# Honda Dio 50cc Project



## RIPPERTON (Jan 26, 2010)

Hi fm
its looking like a hub motor project and good news is theres lots of hardware out there,

http://www.hs-escooter.com/sdp/1012..._10inch_QS_Hub_Motor_with_Controller_and.html

This 72v 90A combo would work but if you buy the same motor with a Kelly sine controller you will get better result. smoother and more efficient and you can use tablet to configure it.

http://www.hs-escooter.com/sdp/1012...10INCH_Brushless_hub_motor_for_e-scooter.html

http://kellycontroller.com/kls7212s24v-72v120asinusoidal-brushless-motor-controller-p-1348.html.

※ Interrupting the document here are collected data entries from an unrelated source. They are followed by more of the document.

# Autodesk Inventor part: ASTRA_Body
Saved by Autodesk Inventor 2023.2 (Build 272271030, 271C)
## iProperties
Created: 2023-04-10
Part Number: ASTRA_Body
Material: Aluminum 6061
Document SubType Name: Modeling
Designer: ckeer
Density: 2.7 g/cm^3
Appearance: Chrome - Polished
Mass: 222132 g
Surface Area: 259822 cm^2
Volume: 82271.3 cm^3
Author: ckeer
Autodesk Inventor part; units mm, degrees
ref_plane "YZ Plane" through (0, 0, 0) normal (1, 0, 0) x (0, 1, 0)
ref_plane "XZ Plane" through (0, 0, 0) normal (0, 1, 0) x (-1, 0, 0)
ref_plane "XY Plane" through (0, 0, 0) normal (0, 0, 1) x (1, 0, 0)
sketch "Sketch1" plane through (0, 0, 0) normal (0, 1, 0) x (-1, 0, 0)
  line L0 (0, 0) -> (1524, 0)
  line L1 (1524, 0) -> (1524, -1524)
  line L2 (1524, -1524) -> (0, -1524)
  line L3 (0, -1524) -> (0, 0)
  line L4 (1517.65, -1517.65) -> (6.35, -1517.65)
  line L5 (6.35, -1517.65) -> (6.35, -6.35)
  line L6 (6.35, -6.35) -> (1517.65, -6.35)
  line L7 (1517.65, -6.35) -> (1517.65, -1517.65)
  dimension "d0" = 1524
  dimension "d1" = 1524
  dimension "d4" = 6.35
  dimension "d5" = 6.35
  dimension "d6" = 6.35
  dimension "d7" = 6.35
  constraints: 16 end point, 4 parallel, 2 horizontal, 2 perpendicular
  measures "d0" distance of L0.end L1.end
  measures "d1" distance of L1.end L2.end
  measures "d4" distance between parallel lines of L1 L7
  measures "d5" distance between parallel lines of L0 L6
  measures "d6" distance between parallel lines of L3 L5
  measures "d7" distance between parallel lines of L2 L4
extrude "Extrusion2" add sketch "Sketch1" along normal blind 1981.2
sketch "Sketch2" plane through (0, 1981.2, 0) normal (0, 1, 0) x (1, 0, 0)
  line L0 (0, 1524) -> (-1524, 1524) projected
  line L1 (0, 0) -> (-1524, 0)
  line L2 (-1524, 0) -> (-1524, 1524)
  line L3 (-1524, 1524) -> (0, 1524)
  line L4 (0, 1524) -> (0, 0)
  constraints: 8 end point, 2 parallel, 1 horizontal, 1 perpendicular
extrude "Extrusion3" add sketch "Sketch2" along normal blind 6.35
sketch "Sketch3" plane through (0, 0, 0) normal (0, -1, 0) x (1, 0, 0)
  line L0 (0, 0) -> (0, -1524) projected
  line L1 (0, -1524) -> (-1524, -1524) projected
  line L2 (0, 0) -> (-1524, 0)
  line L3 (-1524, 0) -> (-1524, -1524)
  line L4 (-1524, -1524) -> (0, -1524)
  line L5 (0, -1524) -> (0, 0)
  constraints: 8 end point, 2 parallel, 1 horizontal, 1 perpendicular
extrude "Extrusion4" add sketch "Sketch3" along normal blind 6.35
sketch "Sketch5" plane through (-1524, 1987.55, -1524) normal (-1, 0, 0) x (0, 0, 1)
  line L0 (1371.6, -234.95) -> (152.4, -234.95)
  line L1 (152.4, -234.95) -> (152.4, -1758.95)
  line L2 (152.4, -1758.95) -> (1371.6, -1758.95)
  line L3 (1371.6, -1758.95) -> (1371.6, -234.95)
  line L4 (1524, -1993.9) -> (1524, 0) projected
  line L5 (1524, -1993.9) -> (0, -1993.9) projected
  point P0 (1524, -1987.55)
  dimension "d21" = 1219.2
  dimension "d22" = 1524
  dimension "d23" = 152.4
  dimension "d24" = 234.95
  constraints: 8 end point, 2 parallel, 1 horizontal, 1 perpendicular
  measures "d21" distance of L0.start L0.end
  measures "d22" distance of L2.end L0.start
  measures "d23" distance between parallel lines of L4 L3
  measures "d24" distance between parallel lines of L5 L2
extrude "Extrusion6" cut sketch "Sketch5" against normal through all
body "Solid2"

The 18650 pack you want to build might be done with laptop batteries.
https://www.youtube.com/watch?v=Z-VLdE6RxYQ


----------



## fminajr (Jan 22, 2016)

Hey bro,

Thanks for the reply and suggestions! But I wanted electric motors using chains first because if I'm going to introduce it here in our country, it has to be practical for a lot of them. Buying that 500$ motor + shipping will be a lot for a common scooter owner. Or, is it one of the cheapesr available? Also with the batteries, is it better if I use the used laptop batteries than new ones? Thanks man! Much appreciated


----------



## Johnny J (Nov 27, 2008)

If you are on a budget something like this might work:
http://www.ebay.com/itm/48V-72V-500...sh=item3d08ff8239:g:s60AAOSwZVhWRvL-#viTabs_0

You will need around 1500-2000W to take you to 50km/h, a normal fork lift motor is far too large and heavy.


----------



## RIPPERTON (Jan 26, 2010)

That would work.
fm's problem is the swingarm. If you dont start from scratch with a custom swingarm, you still have to somehow graft that motor into the old 2 stroke crank case but then you can reuse the vario. Either way it might be in the too hard basket.


----------



## fminajr (Jan 22, 2016)

Hey johnny and Ripper,

Thanks man that motor is great and also great for Filipinos! Btw I'm a mechanic so additional work for fittings (sprockets) is not going to be a problem. I will be posting the build here when it's finished. What kind of controllers and chargers do I need here? Thanks again bros


----------



## Johnny J (Nov 27, 2008)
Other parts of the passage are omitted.